By the CDC Stream Engineering Team

1. Introduction: The Cost of Lag

Why does real-time often feel like real-slow in the complex world of modern data architecture?

Picture this: A customer just bought the last item of inventory. The order is committed in the source database (DB). But because your data pipeline is lagging, your analytics platform doesn't reflect this update for five minutes. During that window, two more customers buy the "last" item, leading to overselling, customer complaints, and a damaged brand reputation.

This delay is what we call CDC Latency—the time delta between a transaction commit in your source database and the consumption of that event by your target application (the sink).

This playbook provides 7 proven, actionable techniques used by leading data teams to diagnose and reduce lag, helping you move from minutes or seconds of latency down to reliable, sub-second performance. We focus on the three key stages of latency: **Source DB Capture, Connector Processing, and Sink Consumption.**

2. Source Database Tuning: Minimizing Capture Time (Techniques 1 & 2)

The most critical—and often overlooked—bottleneck is the source database itself.

Technique 1: Optimize the Log Reader (The Bottleneck)

Your CDC tool (like Debezium) is essentially an efficient log reader. Its performance is entirely dependent on how quickly it can access and process the database's transaction logs (PostgreSQL WAL, MySQL Binary Log).

Actionable Steps:

  • **Set Optimal Log Retention:** Ensure logs are retained long enough for recovery but don't force the connector to continually read from slow, archived storage. Optimal configuration depends heavily on your transaction volume.
  • **Ensure Sufficient I/O Bandwidth:** Replication slots and transaction logs are intensely I/O bound. Provisioning your source DB with **high-performance SSDs** is non-negotiable for low latency.
  • *PostgreSQL Specific:* The `wal_level` must be set to `logical` to enable logical decoding. Monitor and manage your replication slots carefully; a stalled slot can cause your DB's disk usage to explode, grinding all CDC activity to a halt.
  • *MySQL Specific:* Ensure `binlog_format` is set to `ROW` for reliable capture, and consider adjusting `binlog_cache_size` based on your average transaction size.

Technique 2: Log Filtering and Minimizing Noise

Every change the CDC connector reads, even irrelevant ones, adds processing time. The goal here is to reduce the volume of data transmitted at the source.

Actionable Steps:

  • **Use Explicit Whitelists:** Instead of capturing all tables, use explicit table whitelists in your connector configuration. If you only need five tables, don't read fifty.
  • **Filter Out Non-Essential Columns:** Large columns (like `BLOB` or verbose JSON logs) that rarely change or are irrelevant for downstream use should be ignored via connector-level filtering.
  • **Filtered CDC Patterns:** Design your CDC solution to filter events *at the source connector* rather than relying on the downstream consumer application to discard unneeded records.

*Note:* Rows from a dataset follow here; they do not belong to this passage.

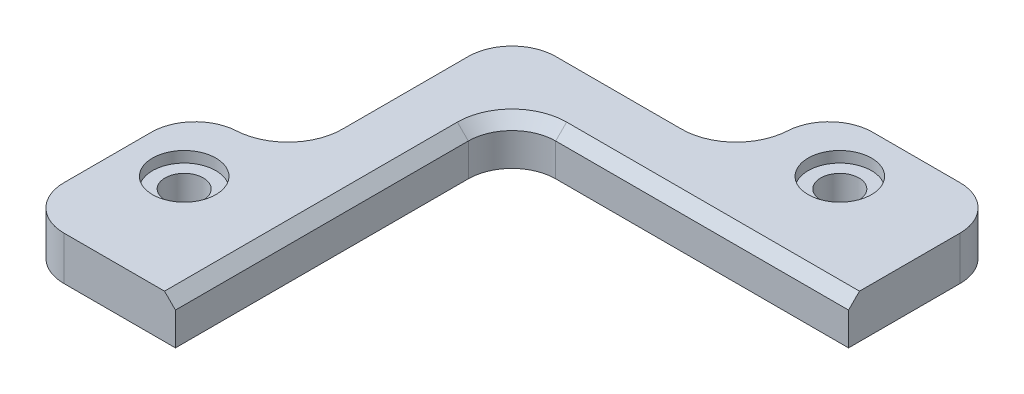
ISO-10303-21;
HEADER;
FILE_DESCRIPTION(('STEP AP214'),'2;1');
FILE_NAME('part.step','',(''),(''),'','','');
FILE_SCHEMA(('AUTOMOTIVE_DESIGN { 1 0 10303 214 1 1 1 1 }'));
ENDSEC;
DATA;
#1=APPLICATION_CONTEXT('core data for automotive mechanical design processes');
#2=APPLICATION_PROTOCOL_DEFINITION('international standard','automotive_design',2000,#1);
#3=PRODUCT_CONTEXT('',#1,'mechanical');
#4=PRODUCT('Part','Part','',(#3));
#5=PRODUCT_RELATED_PRODUCT_CATEGORY('part','',(#4));
#6=PRODUCT_DEFINITION_FORMATION('','',#4);
#7=PRODUCT_DEFINITION_CONTEXT('part definition',#1,'design');
#8=PRODUCT_DEFINITION('design','',#6,#7);
#9=PRODUCT_DEFINITION_SHAPE('','',#8);
#10=(LENGTH_UNIT() NAMED_UNIT(*) SI_UNIT(.MILLI.,.METRE.));
#11=(NAMED_UNIT(*) PLANE_ANGLE_UNIT() SI_UNIT($,.RADIAN.));
#12=(NAMED_UNIT(*) SI_UNIT($,.STERADIAN.) SOLID_ANGLE_UNIT());
#13=UNCERTAINTY_MEASURE_WITH_UNIT(LENGTH_MEASURE(1.E-05),#10,'distance_accuracy_value','');
#14=(GEOMETRIC_REPRESENTATION_CONTEXT(3) GLOBAL_UNCERTAINTY_ASSIGNED_CONTEXT((#13)) GLOBAL_UNIT_ASSIGNED_CONTEXT((#10,
#11,#12)) REPRESENTATION_CONTEXT('',''));
#15=CARTESIAN_POINT('',(0.,0.,0.));
#16=DIRECTION('',(0.,0.,1.));
#17=DIRECTION('',(1.,0.,0.));
#18=AXIS2_PLACEMENT_3D('',#15,#16,#17);
#19=CARTESIAN_POINT('',(35.,4.,-40.));
#20=DIRECTION('',(0.,-1.,0.));
#21=DIRECTION('',(0.,0.,-1.));
#22=AXIS2_PLACEMENT_3D('',#19,#20,#21);
#23=CYLINDRICAL_SURFACE('',#22,1.75);
#24=CARTESIAN_POINT('',(35.,0.,-40.));
#25=DIRECTION('',(0.,1.,0.));
#26=DIRECTION('',(0.,0.,1.));
#27=AXIS2_PLACEMENT_3D('',#24,#25,#26);
#28=CIRCLE('',#27,1.75);
#29=CARTESIAN_POINT('',(35.,0.,-38.25));
#30=VERTEX_POINT('',#29);
#31=EDGE_CURVE('E172',#30,#30,#28,.T.);
#32=ORIENTED_EDGE('',*,*,#31,.F.);
#33=EDGE_LOOP('',(#32));
#34=FACE_BOUND('',#33,.T.);
#35=CARTESIAN_POINT('',(35.,3.,-40.));
#36=DIRECTION('',(0.,1.,0.));
#37=DIRECTION('',(0.,0.,1.));
#38=AXIS2_PLACEMENT_3D('',#35,#36,#37);
#39=CIRCLE('',#38,1.75);
#40=CARTESIAN_POINT('',(35.,3.,-38.25));
#41=VERTEX_POINT('',#40);
#42=EDGE_CURVE('E288',#41,#41,#39,.T.);
#43=ORIENTED_EDGE('',*,*,#42,.T.);
#44=EDGE_LOOP('',(#43));
#45=FACE_BOUND('',#44,.T.);
#46=ADVANCED_FACE('F35',(#34,#45),#23,.F.);
#47=CARTESIAN_POINT('',(5.,4.,-9.99999999999999));
#48=DIRECTION('',(0.,-1.,0.));
#49=DIRECTION('',(0.,0.,-1.));
#50=AXIS2_PLACEMENT_3D('',#47,#48,#49);
#51=CYLINDRICAL_SURFACE('',#50,1.75);
#52=CARTESIAN_POINT('',(5.,0.,-9.99999999999999));
#53=DIRECTION('',(0.,1.,0.));
#54=DIRECTION('',(0.,0.,1.));
#55=AXIS2_PLACEMENT_3D('',#52,#53,#54);
#56=CIRCLE('',#55,1.75);
#57=CARTESIAN_POINT('',(5.,0.,-8.24999999999999));
#58=VERTEX_POINT('',#57);
#59=EDGE_CURVE('E198',#58,#58,#56,.T.);
#60=ORIENTED_EDGE('',*,*,#59,.F.);
#61=EDGE_LOOP('',(#60));
#62=FACE_BOUND('',#61,.T.);
#63=CARTESIAN_POINT('',(5.,3.,-9.99999999999999));
#64=DIRECTION('',(0.,1.,0.));
#65=DIRECTION('',(0.,0.,1.));
#66=AXIS2_PLACEMENT_3D('',#63,#64,#65);
#67=CIRCLE('',#66,1.75);
#68=CARTESIAN_POINT('',(5.,3.,-8.24999999999999));
#69=VERTEX_POINT('',#68);
#70=EDGE_CURVE('E291',#69,#69,#67,.T.);
#71=ORIENTED_EDGE('',*,*,#70,.T.);
#72=EDGE_LOOP('',(#71));
#73=FACE_BOUND('',#72,.T.);
#74=ADVANCED_FACE('F383',(#62,#73),#51,.F.);
#75=CARTESIAN_POINT('',(0.,4.,-45.));
#76=DIRECTION('',(0.,0.,1.));
#77=DIRECTION('',(1.,0.,0.));
#78=AXIS2_PLACEMENT_3D('',#75,#76,#77);
#79=PLANE('',#78);
#80=DIRECTION('',(-1.,0.,0.));
#81=VECTOR('',#80,1.);
#82=CARTESIAN_POINT('',(0.,0.,-45.));
#83=LINE('',#82,#81);
#84=CARTESIAN_POINT('',(41.,0.,-45.));
#85=VERTEX_POINT('',#84);
#86=CARTESIAN_POINT('',(33.,0.,-45.));
#87=VERTEX_POINT('',#86);
#88=EDGE_CURVE('E219',#85,#87,#83,.T.);
#89=ORIENTED_EDGE('',*,*,#88,.T.);
#90=DIRECTION('',(0.,1.,0.));
#91=VECTOR('',#90,1.);
#92=CARTESIAN_POINT('',(33.,4.,-45.));
#93=LINE('',#92,#91);
#94=CARTESIAN_POINT('',(33.,4.,-45.));
#95=VERTEX_POINT('',#94);
#96=EDGE_CURVE('E262',#87,#95,#93,.T.);
#97=ORIENTED_EDGE('',*,*,#96,.T.);
#98=DIRECTION('',(-1.,0.,0.));
#99=VECTOR('',#98,1.);
#100=CARTESIAN_POINT('',(0.,4.,-45.));
#101=LINE('',#100,#99);
#102=CARTESIAN_POINT('',(41.,4.,-45.));
#103=VERTEX_POINT('',#102);
#104=EDGE_CURVE('E210',#103,#95,#101,.T.);
#105=ORIENTED_EDGE('',*,*,#104,.F.);
#106=DIRECTION('',(0.,-1.,0.));
#107=VECTOR('',#106,1.);
#108=CARTESIAN_POINT('',(41.,4.,-45.));
#109=LINE('',#108,#107);
#110=EDGE_CURVE('E259',#103,#85,#109,.T.);
#111=ORIENTED_EDGE('',*,*,#110,.T.);
#112=EDGE_LOOP('',(#89,#97,#105,#111));
#113=FACE_BOUND('',#112,.T.);
#114=ADVANCED_FACE('F368',(#113),#79,.F.);
#115=CARTESIAN_POINT('',(0.,4.,0.));
#116=DIRECTION('',(0.,-1.,0.));
#117=DIRECTION('',(0.,0.,-1.));
#118=AXIS2_PLACEMENT_3D('',#115,#116,#117);
#119=PLANE('',#118);
#120=CARTESIAN_POINT('',(35.,4.,-40.));
#121=DIRECTION('',(0.,1.,0.));
#122=DIRECTION('',(0.,0.,1.));
#123=AXIS2_PLACEMENT_3D('',#120,#121,#122);
#124=CIRCLE('',#123,2.9);
#125=CARTESIAN_POINT('',(35.,4.,-37.1));
#126=VERTEX_POINT('',#125);
#127=EDGE_CURVE('E463',#126,#126,#124,.T.);
#128=ORIENTED_EDGE('',*,*,#127,.F.);
#129=EDGE_LOOP('',(#128));
#130=FACE_BOUND('',#129,.T.);
#131=CARTESIAN_POINT('',(5.,4.,-9.99999999999999));
#132=DIRECTION('',(0.,1.,0.));
#133=DIRECTION('',(0.,0.,1.));
#134=AXIS2_PLACEMENT_3D('',#131,#132,#133);
#135=CIRCLE('',#134,2.9);
#136=CARTESIAN_POINT('',(5.,4.,-7.1));
#137=VERTEX_POINT('',#136);
#138=EDGE_CURVE('E457',#137,#137,#135,.T.);
#139=ORIENTED_EDGE('',*,*,#138,.F.);
#140=EDGE_LOOP('',(#139));
#141=FACE_BOUND('',#140,.T.);
#142=DIRECTION('',(1.,0.,0.));
#143=VECTOR('',#142,1.);
#144=CARTESIAN_POINT('',(10.,4.,0.));
#145=LINE('',#144,#143);
#146=CARTESIAN_POINT('',(4.,4.,0.));
#147=VERTEX_POINT('',#146);
#148=CARTESIAN_POINT('',(13.2,4.,0.));
#149=VERTEX_POINT('',#148);
#150=EDGE_CURVE('E204',#147,#149,#145,.T.);
#151=ORIENTED_EDGE('',*,*,#150,.T.);
#152=DIRECTION('',(0.,0.,-1.));
#153=VECTOR('',#152,1.);
#154=CARTESIAN_POINT('',(13.2,4.,-26.8));
#155=LINE('',#154,#153);
#156=CARTESIAN_POINT('',(13.2,4.,-26.8));
#157=VERTEX_POINT('',#156);
#158=EDGE_CURVE('E272',#149,#157,#155,.T.);
#159=ORIENTED_EDGE('',*,*,#158,.T.);
#160=CARTESIAN_POINT('',(18.2,4.,-26.8));
#161=DIRECTION('',(0.,-1.,0.));
#162=DIRECTION('',(0.,0.,-1.));
#163=AXIS2_PLACEMENT_3D('',#160,#161,#162);
#164=CIRCLE('',#163,4.99999999999998);
#165=CARTESIAN_POINT('',(18.2,4.,-31.8));
#166=VERTEX_POINT('',#165);
#167=EDGE_CURVE('E270',#157,#166,#164,.T.);
#168=ORIENTED_EDGE('',*,*,#167,.T.);
#169=DIRECTION('',(1.,0.,0.));
#170=VECTOR('',#169,1.);
#171=CARTESIAN_POINT('',(0.,4.,-31.8));
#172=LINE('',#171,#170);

3. Connector and Broker Optimization (Techniques 3 & 4)

Once the changes are read, they must be packaged and sent efficiently to the streaming platform (usually Kafka).

Technique 3: Tune Connector Polling and Batching

The connector acts as the intermediary, determining how often it looks for changes and how many changes it bundles together before sending.

Actionable Steps:

  • **Polling Interval:** Setting the log polling interval very low (e.g., **50ms**) ensures rapid detection of changes, minimizing the delay between DB commit and connector awareness.
  • **Batch Size Balancing:** Parameters like Debezium's `max.batch.size` or Kafka Connect's `max.poll.records` require careful tuning. Larger batches mean better throughput but increase the latency for the *first* event in that batch. You must find the optimal **throughput-vs-latency** balance for your workload.
  • **Heartbeats:** Implement and configure heartbeat tables. These prevent replication slots from going stale during long periods of low activity, ensuring the connector is ready the moment a transaction occurs.

Technique 4: Kafka Throughput and Partitioning Strategy

The streaming broker must be able to handle the sudden burstiness common in database writes.

Actionable Steps:

  • **Topic Partitions:** Use adequate partitioning (e.g., 6-12 partitions) for high-throughput source tables. This allows for increased consumer parallelism (see Technique 5) and reduces contention.
  • **Keying Strategy:** Ensure CDC events are keyed correctly (typically by the primary key) to guarantee change order for a specific record. However, do not over-key low-volume data, which can lead to partition skew and waste resources.
  • **Broker Tuning:** While advanced, ensure your Kafka brokers have adequate resources: fast disks, sufficient CPU for compression/decompression, and generous heap memory.

4. Sink Consumption and End-to-End Monitoring (Techniques 5, 6, & 7)

The final stage is ensuring the data lands quickly and reliably at its destination.

Technique 5: Consumer Parallelism and Idempotency

A slow consumer will always cause backlog and latency, regardless of how fast the source is.

Actionable Steps:

  • **Scaling Consumers:** Your number of consumer instances *must* be scaled to match the topic's partition count to maximize read throughput. An under-provisioned consumer group is a common source of lag.
  • **Efficient Upserts:** If your target is a data warehouse or operational store, design consumers to handle `UPDATE` and `INSERT` events efficiently. Leveraging unique constraints or key-value structures (Redis, Cassandra) can accelerate this process.
  • **Idempotency Checks:** Implement robust **idempotency checks** (tracking a unique operation ID from the CDC payload) to prevent duplicate processing, ensuring reliability without compromising speed.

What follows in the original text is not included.